Anthem Blue Cross Connecticut CG-DME-07 Augmentative and Alternative Communication (AAC) Devices with Digitized or Synthesized Speech Output Form

Effective Date

09/27/2023

Last Reviewed

08/10/2023

Original Document

  Reference



This document addresses augmentative and alternative communication (AAC) devices with digitized or synthesized speech output. Digitized speech output refers to natural speech that is recorded and stored, and then reproduced by the device. In contrast, synthesized speech devices translate user input into machine-generated speech and thus are not dependent on pre-stored messages. These devices are aids to improve the functional communication needs of individuals with severe speech impairment or absent speech. Associated functional disabilities may limit an individual’s ability to use alternative natural methods of communication such as writing notes, using sign language, or even to manipulate a low technology augmentative communication system.

Clinical Indications

Medically Necessary:

Augmentative and alternative communication devices with digitized or synthesized speech output are considered medically necessary when all of the following criteria A through C are met, and when applicable, criteria D or E are met:

  1. The device has been recommended by the individual’s physician and licensed speech language pathologist who have each conducted and documented a thorough assessment which includes all of the following information:
    1. Medical diagnosis, physiological description of the underlying disorder, description of functional limitation, nature and severity of speech or communication impairment, and prognosis for improvement (or deterioration); and
    2. Medical justification for the device and documentation that a non-electronic communication device (such as a communication board) is inadequate to meet the individual’s functional communication needs; and
    3. Therapeutic history including speech, occupational, or physical therapies as appropriate; and
    4. Documentation of the cognitive ability to utilize the selected device including, when appropriate, results of at least one validated cognitive and/or developmental test; and
    5. Documentation of the visual, auditory, language and motor ability to utilize the selected device including results of any test(s) performed; and
    6. Documentation of the specific daily functional communication needs including number of words or sounds used without a device at baseline; and
    7. Expected functional communication goals with the device; and
    8. Plan of care for the device including: anticipated training needs for the individual and caregiver(s), programming needs and planned evaluations; AND
  2. The individual has severe expressive speech impairment and alternative natural communication methods such as writing or sign language are not feasible or are inadequate for that individual’s daily functional communication needs; AND
  3. The individual has tested the device, has demonstrated the ability to use the device and there is documentation of the rationale for the specific device selected which should include the following elements:
    1. Duration of device trial (number of trials and length of sessions, total duration in days); and
    2. Communication task(s) evaluated (such as initiating communication, responding to questions, making requests, effectively expressing wants, needs, and ideas, participating in conversations); and
    3. Language functions evaluated (such as making requests, initiating and responding to greetings, expressing feelings, and asking basic/functional questions); and
    4. Type and number of symbols/pictures and/or words used with each device trial; and
    5.  Extent to which individual can independently navigate the device.
  4. If the individual has a degenerative disease causing the speech impairment, the communication device selected should be capable of modifications necessary to meet the individual’s anticipated needs.
  5. If the individual is preliterate, the device should be capable of modifications such as spelling and text capabilities to meet the individuals anticipated learning potential.

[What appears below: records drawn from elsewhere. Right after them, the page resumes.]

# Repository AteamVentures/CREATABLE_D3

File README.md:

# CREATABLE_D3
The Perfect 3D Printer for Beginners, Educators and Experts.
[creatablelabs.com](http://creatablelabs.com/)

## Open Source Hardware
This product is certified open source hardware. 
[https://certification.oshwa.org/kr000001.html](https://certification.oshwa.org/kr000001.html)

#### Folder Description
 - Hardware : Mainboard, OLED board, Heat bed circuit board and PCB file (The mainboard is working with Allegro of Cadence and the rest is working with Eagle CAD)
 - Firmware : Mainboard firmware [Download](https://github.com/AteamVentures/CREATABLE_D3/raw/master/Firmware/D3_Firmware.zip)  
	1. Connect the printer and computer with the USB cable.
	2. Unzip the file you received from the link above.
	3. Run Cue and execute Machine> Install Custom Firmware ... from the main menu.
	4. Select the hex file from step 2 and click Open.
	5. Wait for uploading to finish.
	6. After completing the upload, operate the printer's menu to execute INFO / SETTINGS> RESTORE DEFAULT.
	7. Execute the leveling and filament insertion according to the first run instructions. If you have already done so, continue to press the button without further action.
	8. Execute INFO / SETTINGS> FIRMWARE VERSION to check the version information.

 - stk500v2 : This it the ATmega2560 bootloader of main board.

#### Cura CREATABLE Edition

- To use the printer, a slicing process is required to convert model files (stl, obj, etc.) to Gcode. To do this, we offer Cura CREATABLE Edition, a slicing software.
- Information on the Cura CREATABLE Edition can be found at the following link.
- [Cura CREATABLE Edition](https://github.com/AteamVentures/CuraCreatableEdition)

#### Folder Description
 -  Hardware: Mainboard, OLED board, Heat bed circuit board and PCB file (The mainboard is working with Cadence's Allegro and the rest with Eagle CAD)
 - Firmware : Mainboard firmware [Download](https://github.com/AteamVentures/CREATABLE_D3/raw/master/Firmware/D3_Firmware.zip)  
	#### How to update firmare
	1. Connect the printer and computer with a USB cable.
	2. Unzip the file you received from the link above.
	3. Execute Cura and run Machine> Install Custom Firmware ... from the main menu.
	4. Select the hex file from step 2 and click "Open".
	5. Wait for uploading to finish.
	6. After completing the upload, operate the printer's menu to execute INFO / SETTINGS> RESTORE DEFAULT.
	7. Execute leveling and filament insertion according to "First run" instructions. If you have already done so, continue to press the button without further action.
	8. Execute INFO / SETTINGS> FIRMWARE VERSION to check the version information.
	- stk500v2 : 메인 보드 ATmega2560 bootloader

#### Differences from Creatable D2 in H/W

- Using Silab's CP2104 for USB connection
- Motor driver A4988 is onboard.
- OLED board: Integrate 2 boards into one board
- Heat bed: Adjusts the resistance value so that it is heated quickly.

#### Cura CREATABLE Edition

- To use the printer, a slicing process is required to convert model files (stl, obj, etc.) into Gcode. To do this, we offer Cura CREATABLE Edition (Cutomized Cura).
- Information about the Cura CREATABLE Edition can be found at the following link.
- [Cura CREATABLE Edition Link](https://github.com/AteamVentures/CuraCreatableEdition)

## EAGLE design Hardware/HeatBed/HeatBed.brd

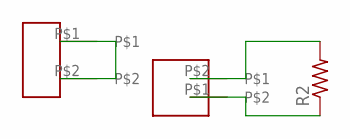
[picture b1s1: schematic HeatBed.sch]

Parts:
R2: R-US_R0402; R0402
U$2: SMD_WAFER_2; SMD_WAFER_02
U$3: SMD_TERMINAL_2; SMD_5MM_2

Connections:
unnamed: R2.2, U$2.P$2
unnamed: R2.1, U$2.P$1
unnamed: U$3.P$1, U$3.P$2

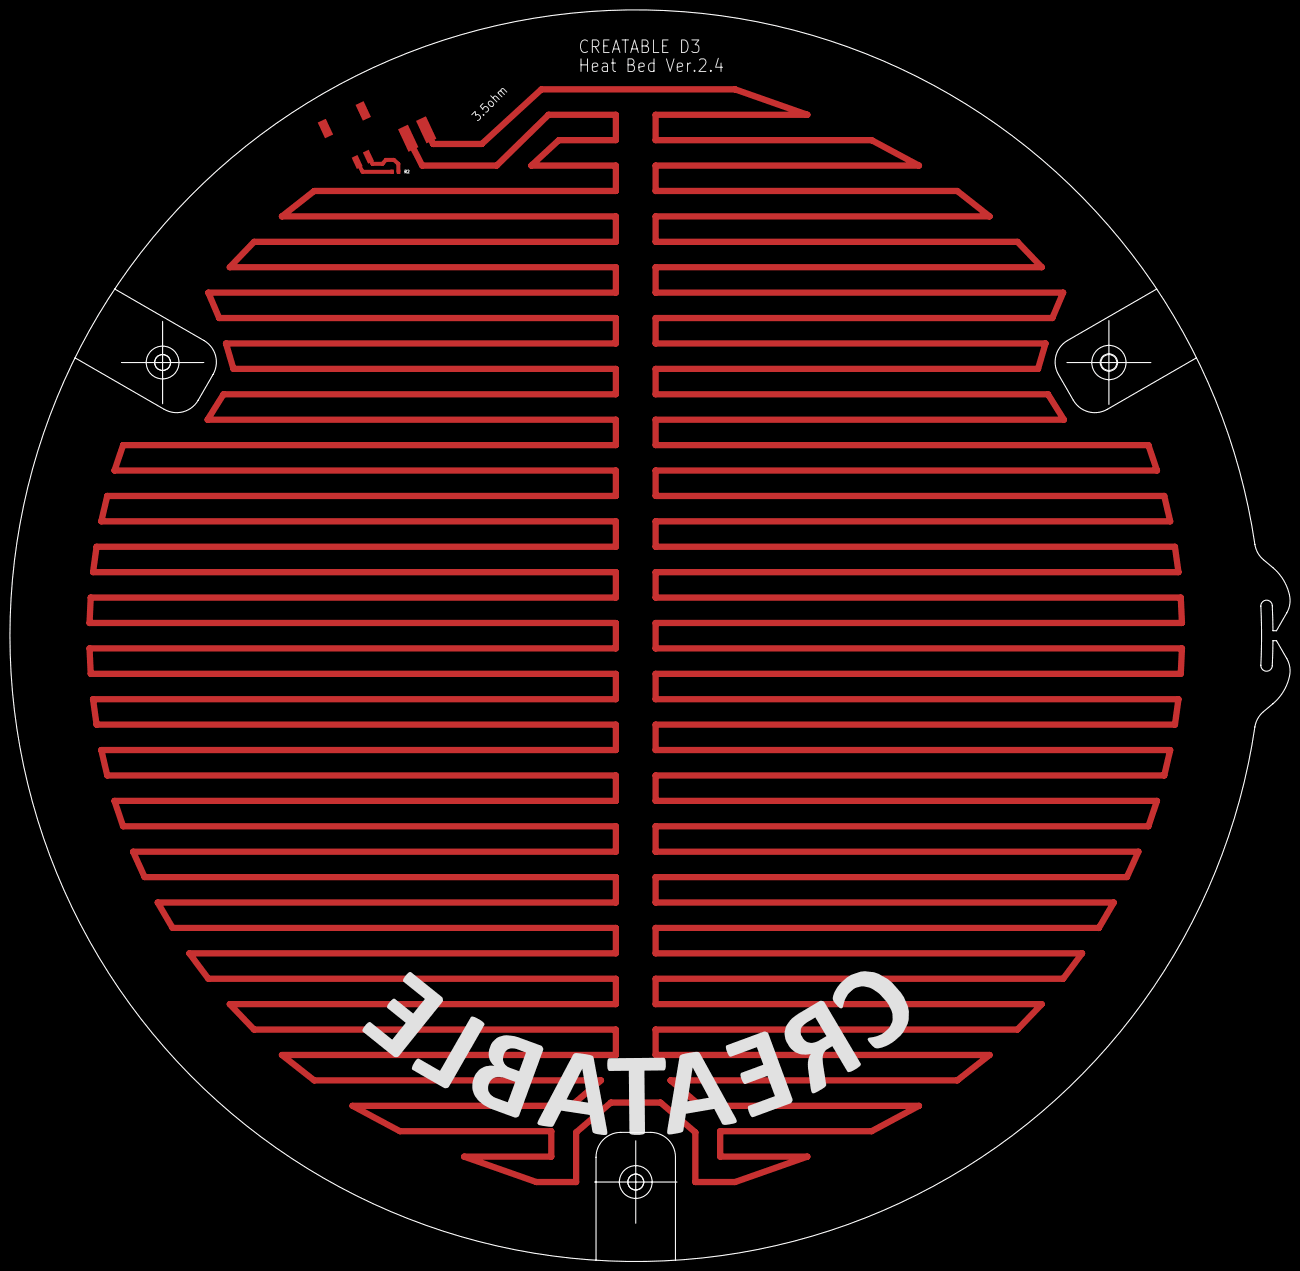
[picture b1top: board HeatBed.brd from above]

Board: 2 copper layers, 257.7 x 252.0 mm, 5 parts (1 on the bottom side), 3 nets.

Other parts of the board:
U$1: HEAT_BED2.3(R126_T2.3)
U$4: CREATABLE_WORD

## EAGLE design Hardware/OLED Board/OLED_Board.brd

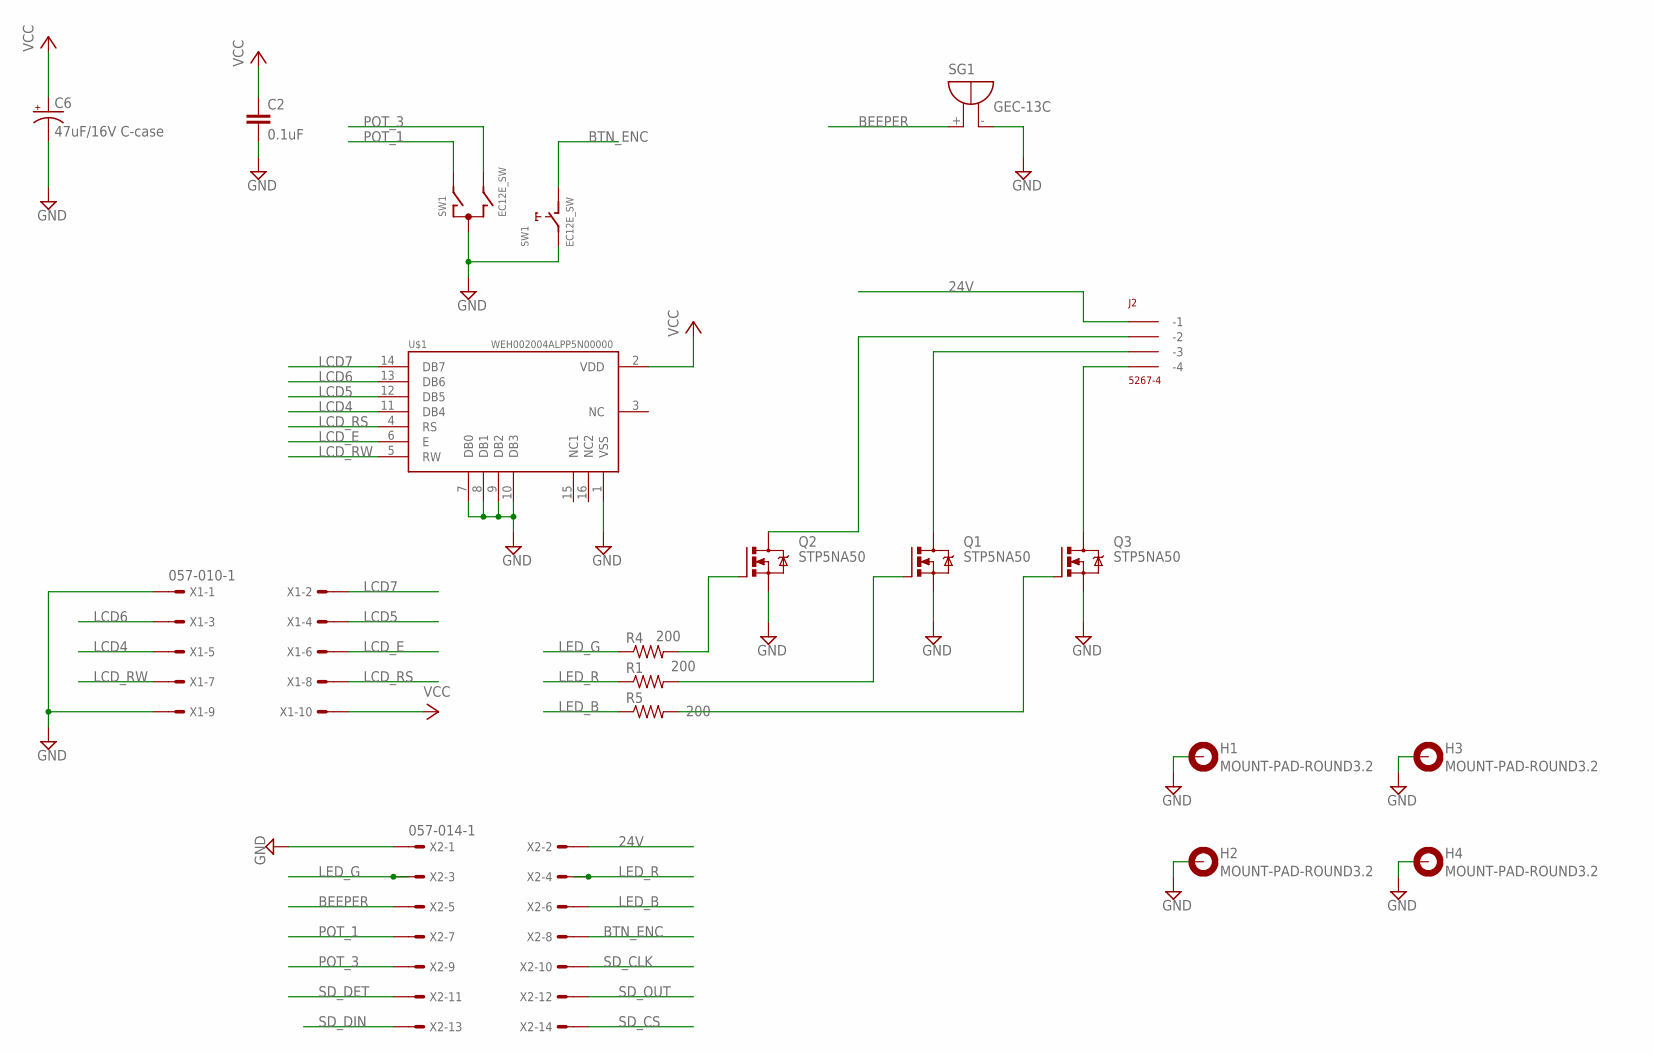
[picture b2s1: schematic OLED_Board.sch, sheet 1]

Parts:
C2: 0.1uF; C0805
C6: 47uF/16V C-case; EIA6032
H1, H2, H3, H4: MOUNT-PAD-ROUND3.2; 3,2-PAD
J2: 5267-4
Q1, Q2, Q3: STP5NA50; TO220BV
R1, R4, R5: 200; R2012
SG1: GEC-13C; F/TMB
SW1: EC12E_SW; ALPS_EC12E_SW
U$1: OLED; WEH002004ALPP5N00000
X1: 057-010-1
X2: 057-014-1

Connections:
24V: J2.P$1 (-1), X2.2
BEEPER: SG1.+, X2.5
BTN_ENC: SW1.D (1), X2.8
GND: C2.2, C6.P$2 (-), H1.B3,2, H2.B3,2, H3.B3,2, H4.B3,2, Q1.S, Q2.S, Q3.S, SG1.-, SW1.C, SW1.E (2), U$1.1 (VSS), U$1.7 (DB0), U$1.8 (DB1), U$1.9 (DB2), U$1.10 (DB3), X1.1, X1.9, X2.1; also elsewhere on the board
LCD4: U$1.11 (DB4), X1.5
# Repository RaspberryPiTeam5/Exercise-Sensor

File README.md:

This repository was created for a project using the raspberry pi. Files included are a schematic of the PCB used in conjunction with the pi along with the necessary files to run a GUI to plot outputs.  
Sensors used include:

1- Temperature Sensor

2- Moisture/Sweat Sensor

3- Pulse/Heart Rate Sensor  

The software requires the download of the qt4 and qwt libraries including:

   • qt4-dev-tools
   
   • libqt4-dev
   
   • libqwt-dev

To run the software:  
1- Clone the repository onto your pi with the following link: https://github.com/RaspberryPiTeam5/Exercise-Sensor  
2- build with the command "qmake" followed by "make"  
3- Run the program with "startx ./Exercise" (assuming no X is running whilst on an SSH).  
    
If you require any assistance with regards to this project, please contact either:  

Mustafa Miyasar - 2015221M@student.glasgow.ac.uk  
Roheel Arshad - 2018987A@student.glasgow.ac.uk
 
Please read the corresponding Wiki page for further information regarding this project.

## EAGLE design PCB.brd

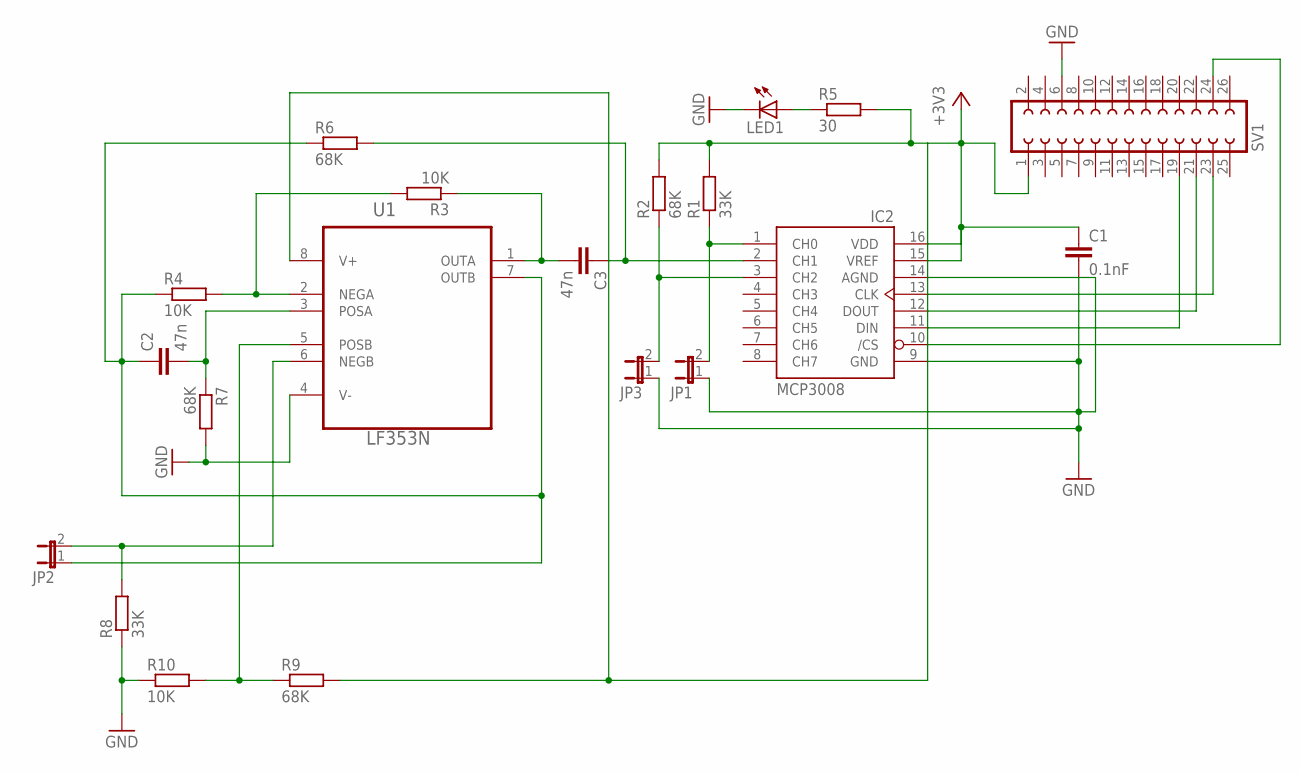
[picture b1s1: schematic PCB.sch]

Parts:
C1: 0.1nF; C050-035X075
C2, C3: 47n; C2.5-5
IC2: MCP3008; DIL16
JP1, JP2, JP3: JP1E; JP1
LED1: LED5MM
R1, R8: 33K; 0207/10
R2, R6, R7, R9: 68K; 0207/10
R3, R4, R10: 10K; 0207/10
R5: 30; 0207/10
SV1: FE13-2
U1: LF353N; DIP254P762X508-8

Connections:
+3.3V: C1.1, IC2.15 (VREF), IC2.16 (VDD), R1.2, R2.2, R5.2, R9.2, SV1.1, U1.8 (V+)
GND: C1.2, IC2.9 (GND), IC2.14 (AGND), JP1.1, JP3.1, LED1.K (C), R7.2, R8.1, R10.1, SV1.6, U1.4 (V-)
unnamed: IC2.10 (/CS), SV1.24
unnamed: IC2.13 (CLK), SV1.23
unnamed: IC2.11 (DIN), SV1.19
unnamed: IC2.12 (DOUT), SV1.21
unnamed: C2.2, R7.1, U1.3 (POSA)
unnamed: IC2.1 (CH0), JP1.2, R1.1
unnamed: LED1.A, R5.1
unnamed: R9.1, R10.2, U1.5 (POSB)
unnamed: JP2.2, R8.2, U1.6 (NEGB)
unnamed: IC2.3 (CH2), JP3.2, R2.1
unnamed: R3.2, R4.2, U1.2 (NEGA)
unnamed: C3.2, R3.1, U1.1 (OUTA)
unnamed: C3.1, IC2.2 (CH1), R6.2
unnamed: C2.1, JP2.1, R4.1, R6.1, U1.7 (OUTB)

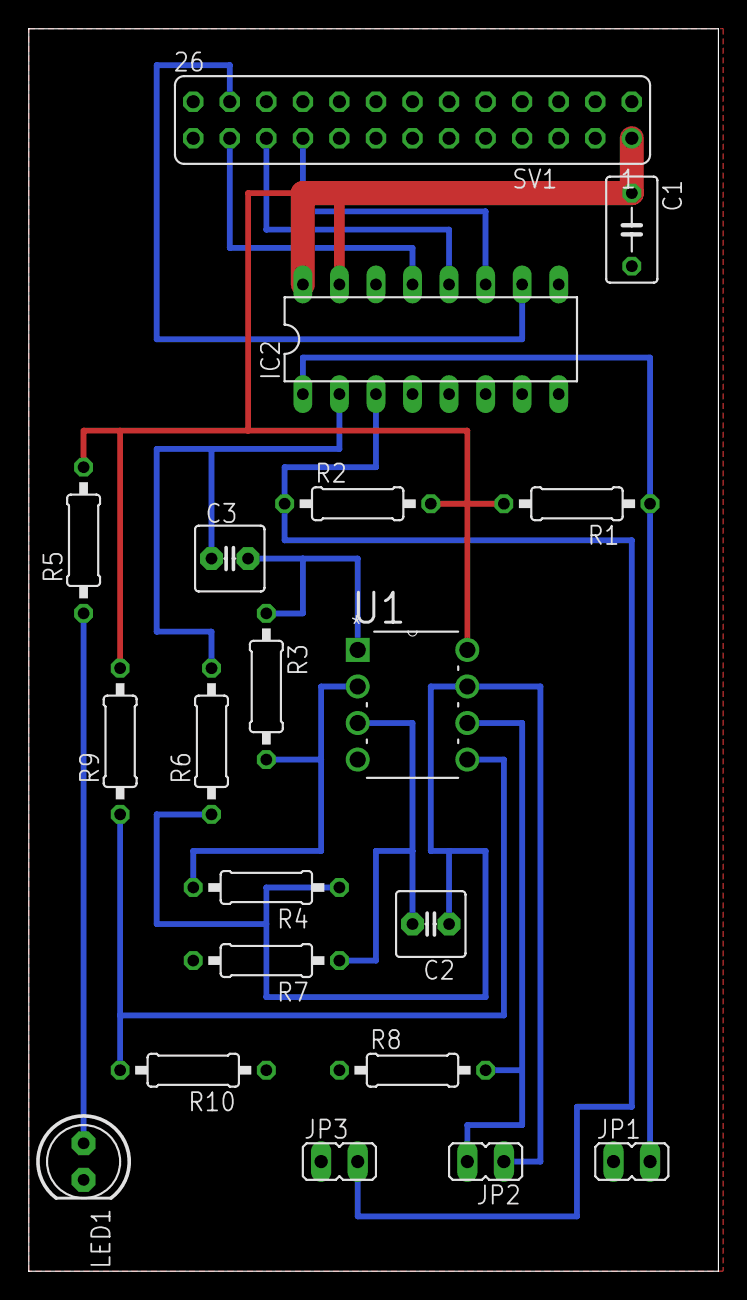
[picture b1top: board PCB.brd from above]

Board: 2 copper layers, 47.9 x 86.4 mm, 20 parts (0 on the bottom side), 16 nets.

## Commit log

2017-03-28 testing
2017-03-28 testing again
2017-03-28 this is jsut to show roheel
2017-03-28 adding ADC stuff
2017-03-28 Removing some unwanted files
2017-04-03 for the group
2017-04-05 Three plots and some code done
2017-04-05 Rename mcp3008SpiTest.cpp to ADCreader.cpp
2017-04-05 ADCreader header is here
2017-04-05 Moving out of folder
2017-04-05 Don't need really
2017-04-05 Updating for 3 channels
2017-04-05 Updating outputs for pi to work
2017-04-05 Hopefully it works now
2017-04-05 debugging
2017-04-05 Working atleast
2017-04-06 Changing axis around
2017-04-06 Changing axis again
2017-04-06 Temperature conversion works now
2017-04-07 Unit conversion for moisture and pulse
2017-04-07 Removing
2017-04-07 Changing units
2017-04-07 Adding buttons and knob gain
2017-04-07 Adding buttons and knob
2017-04-10 Copyright
2017-04-11 Update ADCreader.h
    changed int to float (Data0-2 & output0-1)
2017-04-11 Update README.md
    Added more useful information, easier to read
    Still need to add contact details, maybe more explanation about the PCB design? --> info will be on the wiki (Link that once finished!)
2017-04-11 Create LICENSE
2017-04-12 commenting
2017-04-12 comments
2017-04-12 Update window.cpp
    changed names of buttons
2017-04-12 mustafa changed this
2017-04-12 No he didnt

Accessories are considered medically necessary if criteria for the base device are met and the medical necessity for each accessory is clearly documented in the formal evaluation by the speech language pathologist. For any subsequent upgrade of equipment or accessories to a previously issued device, information regarding the functional benefit to the individual of the upgrade compared to the initially provided device must be submitted to demonstrate medical necessity.

When the above criteria A through C are met, and when applicable, criteria D or E are met, specific communication software for dedicated digitized or synthesized speech generating devices is considered medically necessary.

Not Medically Necessary:

Synthesized and digitized speech generating devices are considered not medically necessary if the above criteria are not met or if they are not primarily and customarily used to serve an augmentative communication function.

The following are considered not medically necessary:

  1. Devices that are not dedicated speech devices, but are devices that are capable of running software for purposes other than for speech generation, for example, devices that can also run a word processing program or perform other non-augmentative communication functions.
  2. Laptop, tablet or desktop computers, personal digital assistants (PDAs) or other devices which may be programmed to perform the same function as a speech generating device.